Changes in application.properties file

  1. Pass the model file name
  2. Model Type - H or G (H for H2O model and G for Generic java model)
  3. push_url – respective url on which user wants to onboard the model
  4. auth_url – auth url (for jwt token authentication)
  5. token_type – apitoken (for api based token authentication),jwttoken(for jwt token based authentication)
  6. token_file – Path where token file is present
  7. dump_path – path where modeldump needs to be save
  8. isMicroservice - True/False based on user’s choice to generate microservice
  9. h2oModelMethod = predict,classify (modeler can pass mulptiple method methods for H2O model)

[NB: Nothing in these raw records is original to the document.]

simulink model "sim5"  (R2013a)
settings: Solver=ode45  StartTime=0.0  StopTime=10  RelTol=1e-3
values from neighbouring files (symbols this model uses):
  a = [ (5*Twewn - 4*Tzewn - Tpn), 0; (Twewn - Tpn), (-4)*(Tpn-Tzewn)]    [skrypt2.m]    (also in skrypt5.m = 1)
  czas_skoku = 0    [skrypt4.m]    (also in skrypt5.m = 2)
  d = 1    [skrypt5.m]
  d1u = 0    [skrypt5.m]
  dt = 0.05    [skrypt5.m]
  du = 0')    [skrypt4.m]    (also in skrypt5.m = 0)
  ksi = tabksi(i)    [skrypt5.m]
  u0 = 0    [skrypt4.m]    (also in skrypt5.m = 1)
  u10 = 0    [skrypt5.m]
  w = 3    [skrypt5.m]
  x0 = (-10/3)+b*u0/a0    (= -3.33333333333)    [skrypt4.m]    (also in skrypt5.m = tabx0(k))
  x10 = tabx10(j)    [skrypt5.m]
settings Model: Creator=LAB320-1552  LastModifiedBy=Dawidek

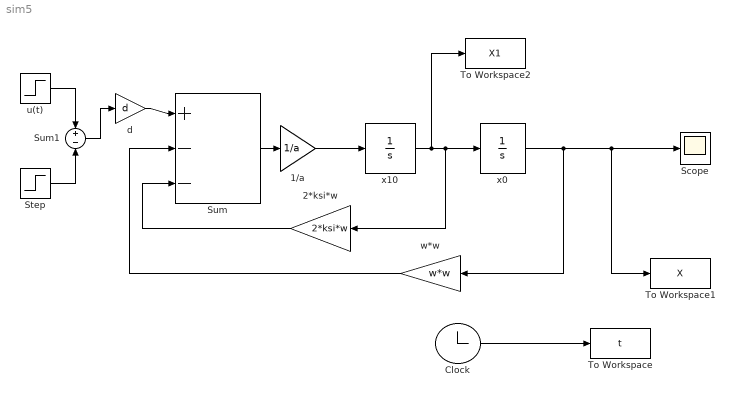
== system sim5 ==
  1/a : Gain  Gain=1/a
  2*ksi*w : Gain  Gain=2*ksi*w
  Clock : Clock
  Scope : Scope
  Step : Step  Time=czas_skoku + dt  Before=u10  After=u10+d1u  SampleTime=dt
  Sum : Sum  Inputs=+|-|-
  Sum1 : Sum  Inputs=+-
  To Workspace : ToWorkspace  VariableName=t  SampleTime=-1
  To Workspace1 : ToWorkspace  VariableName=X  SampleTime=-1
  To Workspace2 : ToWorkspace  VariableName=X1  SampleTime=-1
  d : Gain  Gain=d
  u(t) : Step  Time=czas_skoku  Before=u0  After=u0+du  SampleTime=dt
  w*w : Gain  Gain=w*w
  x0 : Integrator  InitialCondition=x0
  x10 : Integrator  InitialCondition=x10
  wires:
  d/1 -> Sum/1
  Sum/1 -> 1/a/1
  1/a/1 -> x10/1
  x10/1 -> x0/1, 2*ksi*w/1, To Workspace2/1
  2*ksi*w/1 -> Sum/3
  x0/1 -> w*w/1, To Workspace1/1, Scope/1
  w*w/1 -> Sum/2
  Clock/1 -> To Workspace/1
  Step/1 -> Sum1/2
  Sum1/1 -> d/1
  u(t)/1 -> Sum1/1

Pass the following argument as an input to run the JavaClient.jar file

  1. modelType – H for H2O model and G for Generic java model
  2. SupportingFolderPath – pass the path where modelrunner, model file, application.properties, license.json and data file are present
  3. ModelName – The name of model file
  4. DataFile – name of the data file present in supporting folder(optional in case if you have .proto file)
  5. OnboardingType - pass “WebOnboard” if needed modeldump for webbased onboarding. For onboarding through client keep it blank(Optional)
java -jar java_client-2.0.0.jar <modelType> <SupportingFolderPath> <ModelName> <inputCSVFile> <OnboardingType>

If you used CLI-based onboarding, you don’t need to perform the steps outlined just below. The Java client has done it for you. You will see a message on the terminal that states the model onboarded successfully.

Onboarding to the Acumos Portal

  • If you used CLI-based onboarding, you don’t need to perform the steps outlined just below. The Java client has done it for you. You will see a message on the terminal that states the model onboarded successfully.
  • If you use Web-based onboarding, you must complete the following steps:
  1. After you run the client, you will see a modeldump.zip file generated in the same folder where we ran the Java Client for.
  2. Upload this file in the Web based interface (drap and drop).
  3. You will be able to see a success message in the Web interface. you will be able to see a success method in the Web interface.

The needed TOSCA artifacts and docker images are produced when the model is onboarded to the Portal. You and your teammates can now see, rate, review, comment, collaborate on your model in the Acumos marketplace. When requested and deployed by a user, your model runs as a dockerized microservice on the infrastructure of your choice and exposes a predict method as a REST endpoint. This method can be called by other external applications to request predictions off of your model.